Imagine-se o que ocorrerá nos intestinos da Cúria Romana se Francisco recusar-se a ocupar o apartamento papal, fizer mudanças na hierarquia da Santa Sé (a começar pelo cardeal Bertone, atual secretário de Estado), indagar sobre o Instituto para as Obras de Religião, mais conhecido como Banco do Vaticano, e colocar o dedo nos escândalos que balançam a Igreja nos últimos tempos, como a corrupção e a pedofilia…

Recordai-vos que o último papa que andou falando e planejando coisas semelhantes – como morar fora dos aposentos oficiais, reduzir as riquezas da Igreja e fazer uma auditoria séria no tal Instituto para as Obras da Religião – foi o risonho e doce João Paulo I. E deu no que deu. Ele durou exatos 33 dias no poder.

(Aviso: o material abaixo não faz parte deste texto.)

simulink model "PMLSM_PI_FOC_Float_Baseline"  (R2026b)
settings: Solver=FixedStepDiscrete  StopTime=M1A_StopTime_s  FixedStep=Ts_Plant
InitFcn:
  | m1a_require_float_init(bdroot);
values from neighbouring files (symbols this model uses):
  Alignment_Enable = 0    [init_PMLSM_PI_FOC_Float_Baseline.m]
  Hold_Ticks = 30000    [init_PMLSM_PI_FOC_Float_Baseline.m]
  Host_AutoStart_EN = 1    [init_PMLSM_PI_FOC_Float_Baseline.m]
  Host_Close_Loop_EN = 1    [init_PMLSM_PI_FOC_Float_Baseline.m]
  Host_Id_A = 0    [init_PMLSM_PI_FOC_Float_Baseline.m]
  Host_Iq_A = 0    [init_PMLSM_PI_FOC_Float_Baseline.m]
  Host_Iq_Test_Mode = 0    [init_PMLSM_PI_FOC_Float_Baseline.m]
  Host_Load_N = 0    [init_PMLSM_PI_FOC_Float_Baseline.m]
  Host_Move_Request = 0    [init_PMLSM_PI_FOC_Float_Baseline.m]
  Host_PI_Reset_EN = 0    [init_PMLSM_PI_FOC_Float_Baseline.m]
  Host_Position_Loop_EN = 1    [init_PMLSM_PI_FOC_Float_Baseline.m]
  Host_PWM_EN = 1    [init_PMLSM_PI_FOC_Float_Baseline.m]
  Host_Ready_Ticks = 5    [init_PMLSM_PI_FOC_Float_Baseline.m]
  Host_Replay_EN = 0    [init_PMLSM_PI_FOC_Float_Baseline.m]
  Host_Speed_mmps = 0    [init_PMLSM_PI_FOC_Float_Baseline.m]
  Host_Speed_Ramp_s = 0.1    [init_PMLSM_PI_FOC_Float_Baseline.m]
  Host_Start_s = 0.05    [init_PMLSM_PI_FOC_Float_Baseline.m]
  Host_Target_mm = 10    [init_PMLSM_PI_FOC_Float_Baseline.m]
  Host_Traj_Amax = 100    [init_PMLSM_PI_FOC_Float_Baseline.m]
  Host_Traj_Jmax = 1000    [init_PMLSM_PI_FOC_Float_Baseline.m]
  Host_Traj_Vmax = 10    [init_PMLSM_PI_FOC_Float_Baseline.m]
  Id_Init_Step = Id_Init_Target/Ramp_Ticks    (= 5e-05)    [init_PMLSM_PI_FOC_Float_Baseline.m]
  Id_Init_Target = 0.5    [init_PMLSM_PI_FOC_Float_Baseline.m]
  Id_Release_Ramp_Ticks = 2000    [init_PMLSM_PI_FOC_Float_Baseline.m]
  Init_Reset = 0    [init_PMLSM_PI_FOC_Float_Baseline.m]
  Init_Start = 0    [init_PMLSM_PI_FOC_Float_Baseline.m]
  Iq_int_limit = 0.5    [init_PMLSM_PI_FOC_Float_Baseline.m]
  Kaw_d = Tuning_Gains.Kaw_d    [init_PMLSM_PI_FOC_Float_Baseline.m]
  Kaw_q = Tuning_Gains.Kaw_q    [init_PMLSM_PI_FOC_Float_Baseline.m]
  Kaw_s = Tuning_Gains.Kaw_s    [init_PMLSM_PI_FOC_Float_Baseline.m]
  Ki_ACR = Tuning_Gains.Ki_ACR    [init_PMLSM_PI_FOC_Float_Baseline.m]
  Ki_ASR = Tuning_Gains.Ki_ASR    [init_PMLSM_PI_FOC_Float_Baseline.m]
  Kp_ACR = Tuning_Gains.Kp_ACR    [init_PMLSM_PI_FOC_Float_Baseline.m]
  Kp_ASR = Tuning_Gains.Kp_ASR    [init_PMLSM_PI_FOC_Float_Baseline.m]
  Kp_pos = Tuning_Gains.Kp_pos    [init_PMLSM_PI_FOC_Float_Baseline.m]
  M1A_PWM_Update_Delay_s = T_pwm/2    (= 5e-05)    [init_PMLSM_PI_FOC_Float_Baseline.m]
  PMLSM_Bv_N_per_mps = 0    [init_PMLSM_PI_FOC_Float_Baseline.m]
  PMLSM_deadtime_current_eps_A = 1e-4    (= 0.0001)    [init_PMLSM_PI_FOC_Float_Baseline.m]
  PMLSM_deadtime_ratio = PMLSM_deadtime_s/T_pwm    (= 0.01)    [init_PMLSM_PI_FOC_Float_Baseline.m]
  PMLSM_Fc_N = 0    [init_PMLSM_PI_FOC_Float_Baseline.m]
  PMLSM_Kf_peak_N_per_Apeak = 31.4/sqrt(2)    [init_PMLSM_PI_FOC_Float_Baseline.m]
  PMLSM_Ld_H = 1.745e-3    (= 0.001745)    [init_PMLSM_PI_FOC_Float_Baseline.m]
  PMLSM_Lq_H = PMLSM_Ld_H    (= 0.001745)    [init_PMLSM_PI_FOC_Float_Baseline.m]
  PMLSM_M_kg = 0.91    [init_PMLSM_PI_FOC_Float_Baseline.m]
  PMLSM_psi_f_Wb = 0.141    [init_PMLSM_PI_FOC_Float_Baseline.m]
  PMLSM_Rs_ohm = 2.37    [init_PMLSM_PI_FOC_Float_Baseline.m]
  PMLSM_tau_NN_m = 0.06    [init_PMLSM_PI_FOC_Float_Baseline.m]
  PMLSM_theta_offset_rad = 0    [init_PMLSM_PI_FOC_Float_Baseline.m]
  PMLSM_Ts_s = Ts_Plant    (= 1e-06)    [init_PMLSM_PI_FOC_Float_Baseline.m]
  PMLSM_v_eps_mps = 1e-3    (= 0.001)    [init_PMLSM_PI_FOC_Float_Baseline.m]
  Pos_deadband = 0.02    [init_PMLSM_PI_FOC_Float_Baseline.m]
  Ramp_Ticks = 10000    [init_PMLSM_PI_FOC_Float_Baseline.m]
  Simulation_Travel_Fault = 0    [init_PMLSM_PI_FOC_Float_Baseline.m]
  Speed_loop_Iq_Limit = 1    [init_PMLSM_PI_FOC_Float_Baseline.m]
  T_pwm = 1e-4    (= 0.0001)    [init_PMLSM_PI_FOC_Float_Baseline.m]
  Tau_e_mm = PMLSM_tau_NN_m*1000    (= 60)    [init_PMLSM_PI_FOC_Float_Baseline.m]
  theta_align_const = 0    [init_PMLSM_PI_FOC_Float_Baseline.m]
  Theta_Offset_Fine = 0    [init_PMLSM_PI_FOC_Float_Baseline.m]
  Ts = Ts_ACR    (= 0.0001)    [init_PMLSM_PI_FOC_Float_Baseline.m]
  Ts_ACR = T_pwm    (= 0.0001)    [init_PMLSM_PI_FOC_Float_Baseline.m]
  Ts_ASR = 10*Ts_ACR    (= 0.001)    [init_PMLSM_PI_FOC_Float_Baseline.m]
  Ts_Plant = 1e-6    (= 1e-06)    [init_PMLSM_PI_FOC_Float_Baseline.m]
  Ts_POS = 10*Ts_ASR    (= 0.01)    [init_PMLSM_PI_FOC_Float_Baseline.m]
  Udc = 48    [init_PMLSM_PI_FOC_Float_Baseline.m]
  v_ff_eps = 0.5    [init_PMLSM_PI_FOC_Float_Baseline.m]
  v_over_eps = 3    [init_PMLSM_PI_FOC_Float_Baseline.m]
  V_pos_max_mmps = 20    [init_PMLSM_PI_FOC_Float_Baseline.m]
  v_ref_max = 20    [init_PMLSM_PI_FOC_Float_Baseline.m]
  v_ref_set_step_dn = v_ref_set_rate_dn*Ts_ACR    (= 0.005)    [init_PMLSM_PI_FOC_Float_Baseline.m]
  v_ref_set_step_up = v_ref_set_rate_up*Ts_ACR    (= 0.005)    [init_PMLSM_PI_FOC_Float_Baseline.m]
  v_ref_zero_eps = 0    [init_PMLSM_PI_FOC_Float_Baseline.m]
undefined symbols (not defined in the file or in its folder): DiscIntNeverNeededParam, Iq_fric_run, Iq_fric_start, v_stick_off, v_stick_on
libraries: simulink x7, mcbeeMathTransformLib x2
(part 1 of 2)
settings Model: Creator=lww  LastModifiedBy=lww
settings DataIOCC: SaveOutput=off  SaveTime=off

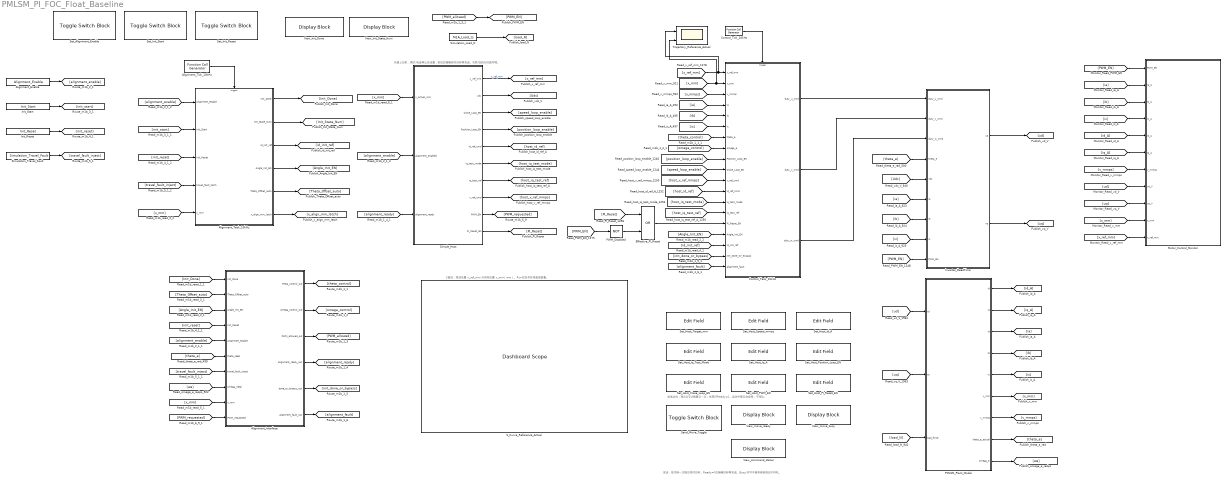
== system PMLSM_PI_FOC_Float_Baseline ==
  note: 仿真上位机：模式/轨迹停止后设置；到位后编辑绝对目标再发送。负载/母线为仿真环境。
  note: S曲线：规划位置 x_ref_mm 与实际位置 x_mm（mm）。Run后在本区域直接查看。
  note: 发送点位：每次0/1切换提交一次；先等待Ready=1，运动中提交会拒绝，不排队。
  note: 发送：每切换一次提交绝对目标；Ready=1后编辑目标再发送。Busy/对齐中请求被拒绝且不排队。
  Alignment_Enable : Constant  Value=Alignment_Enable  OutDataTypeStr=double  SampleTime=Ts_ACR
  Alignment_Interface : Subsystem
  Alignment_Task_10kHz : Subsystem
  Alignment_Tick_10kHz : FunctionCallGenerator  Priority=-100  SampleTime=Ts
  Control_Task_10kHz : Subsystem
  Control_Tick_10kHz : FunctionCallGenerator  Priority=100  SampleTime=Ts
  Effective_PI_Reset : Logic  Operator=OR  AllPortsSameDT=off  OutDataTypeStr=boolean
  Init_Reset : Constant  Value=Init_Reset  SampleTime=Ts_ACR
  Init_Start : Constant  Value=Init_Start  SampleTime=Ts_ACR
  Inverter_DeadTime : Subsystem
  Motor_Control_Monitor : Subsystem
  PMLSM_Plant_Model : Subsystem
  PWM_Disabled : Logic  Operator=NOT  AllPortsSameDT=off  OutDataTypeStr=boolean
  S_Curve_Reference_Actual : DashboardScope  FontColor=[0.0, 0.0, 0.0]
  Send_Move_Toggle : ToggleSwitchBlock
  Set_Alignment_Enable : ToggleSwitchBlock
  Set_Host_Close_Loop_EN : EditField  ShowInitialText=on  Alignment=Center
  Set_Host_Id_A : EditField  ShowInitialText=on  Alignment=Center
  Set_Host_Iq_A : EditField  ShowInitialText=on  Alignment=Center
  Set_Host_Iq_Test_Mode : EditField  ShowInitialText=on  Alignment=Center
  Set_Host_PI_Reset_EN : EditField  ShowInitialText=on  Alignment=Center
  Set_Host_PWM_EN : EditField  ShowInitialText=on  Alignment=Center
  Set_Host_Position_Loop_EN : EditField  ShowInitialText=on  Alignment=Center
  Set_Host_Speed_mmps : EditField  ShowInitialText=on  Alignment=Center
  Set_Host_Target_mm : EditField  ShowInitialText=on  Alignment=Center
  Set_Init_Reset : ToggleSwitchBlock
  Set_Init_Start : ToggleSwitchBlock
  Simple_Host : Subsystem
  Simulation_Load_N : FromWorkspace  VariableName=M1A_Load_ts  SampleTime=Ts_Plant  Interpolate=off  OutputAfterFinalValue=Holding final value
  Simulation_Travel_Fault : Constant  Value=Simulation_Travel_Fault  OutDataTypeStr=double  SampleTime=Ts_ACR
  Trajectory_Reference_Actual : Scope  NumInputPorts=2
      settings: ActiveDisplayYMinimum=0.99182264665726316  ActiveDisplayYMaximum=1.0007838303678565
  View_Init_Done : DisplayBlock  Transparency=1  GridColor=[0.502, 0.502, 0.502]
  View_Init_State_Num : DisplayBlock  Transparency=1  GridColor=[0.502, 0.502, 0.502]
  View_command_status : DisplayBlock  Transparency=1  GridColor=[0.502, 0.502, 0.502]
  View_move_busy : DisplayBlock  Transparency=1  GridColor=[0.502, 0.502, 0.502]
  View_move_ready : DisplayBlock  Transparency=1  GridColor=[0.502, 0.502, 0.502]
  wires:
  [PWM_EN] -> PWM_Disabled/1
  PWM_Disabled/1 -> Effective_PI_Reset/2
  Effective_PI_Reset/1 -> Control_Task_10kHz/15(PI_Reset_EN)
  [speed_loop_enable] -> Control_Task_10kHz/10(Close_Loop_EN)
  [position_loop_enable] -> Control_Task_10kHz/9(Position_Loop_EN)
  [host_v_ref_mmps] -> Control_Task_10kHz/11(v_ref_cmd)
  [host_id_ref] -> Control_Task_10kHz/12(id_ref_cmd)
  [host_iq_test_mode] -> Control_Task_10kHz/13(iq_test_mode)
  [host_iq_test_ref] -> Control_Task_10kHz/14(iq_test_ref)
  [PI_Reset] -> Effective_PI_Reset/1
  [x_mm] -> Trajectory_Reference_Actual/2, Control_Task_10kHz/2(x_mm)
  [v_mmps] -> Control_Task_10kHz/3(v_mmps)
  [ia] -> Control_Task_10kHz/4(ia)
  [ib] -> Control_Task_10kHz/5(ib)
  [ic] -> Control_Task_10kHz/6(ic)
  [x_ref_mm] -> Trajectory_Reference_Actual/1, Control_Task_10kHz/1(x_ref_mm)
  PMLSM_Plant_Model/6(x_mm) -> [x_mm]
  PMLSM_Plant_Model/7(v_mmps) -> [v_mmps]
  PMLSM_Plant_Model/3(ia) -> [ia]
  PMLSM_Plant_Model/4(ib) -> [ib]
  PMLSM_Plant_Model/5(ic) -> [ic]
  PMLSM_Plant_Model/8(theta_e_actual) -> [theta_e]
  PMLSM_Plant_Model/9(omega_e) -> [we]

Por isso, cautela, caríssimo Francisco. E não se esqueça de passar a chave na porta do quarto antes de dormir, seja ele onde for, e não aceite qualquer chazinho de cortesia, ainda que servido por uma boníssima alma purpurada. Melhor será V. Santidade continuar fazendo a sua própria comidinha, como costumava fazer quando era o arcebispo de Buenos Aires.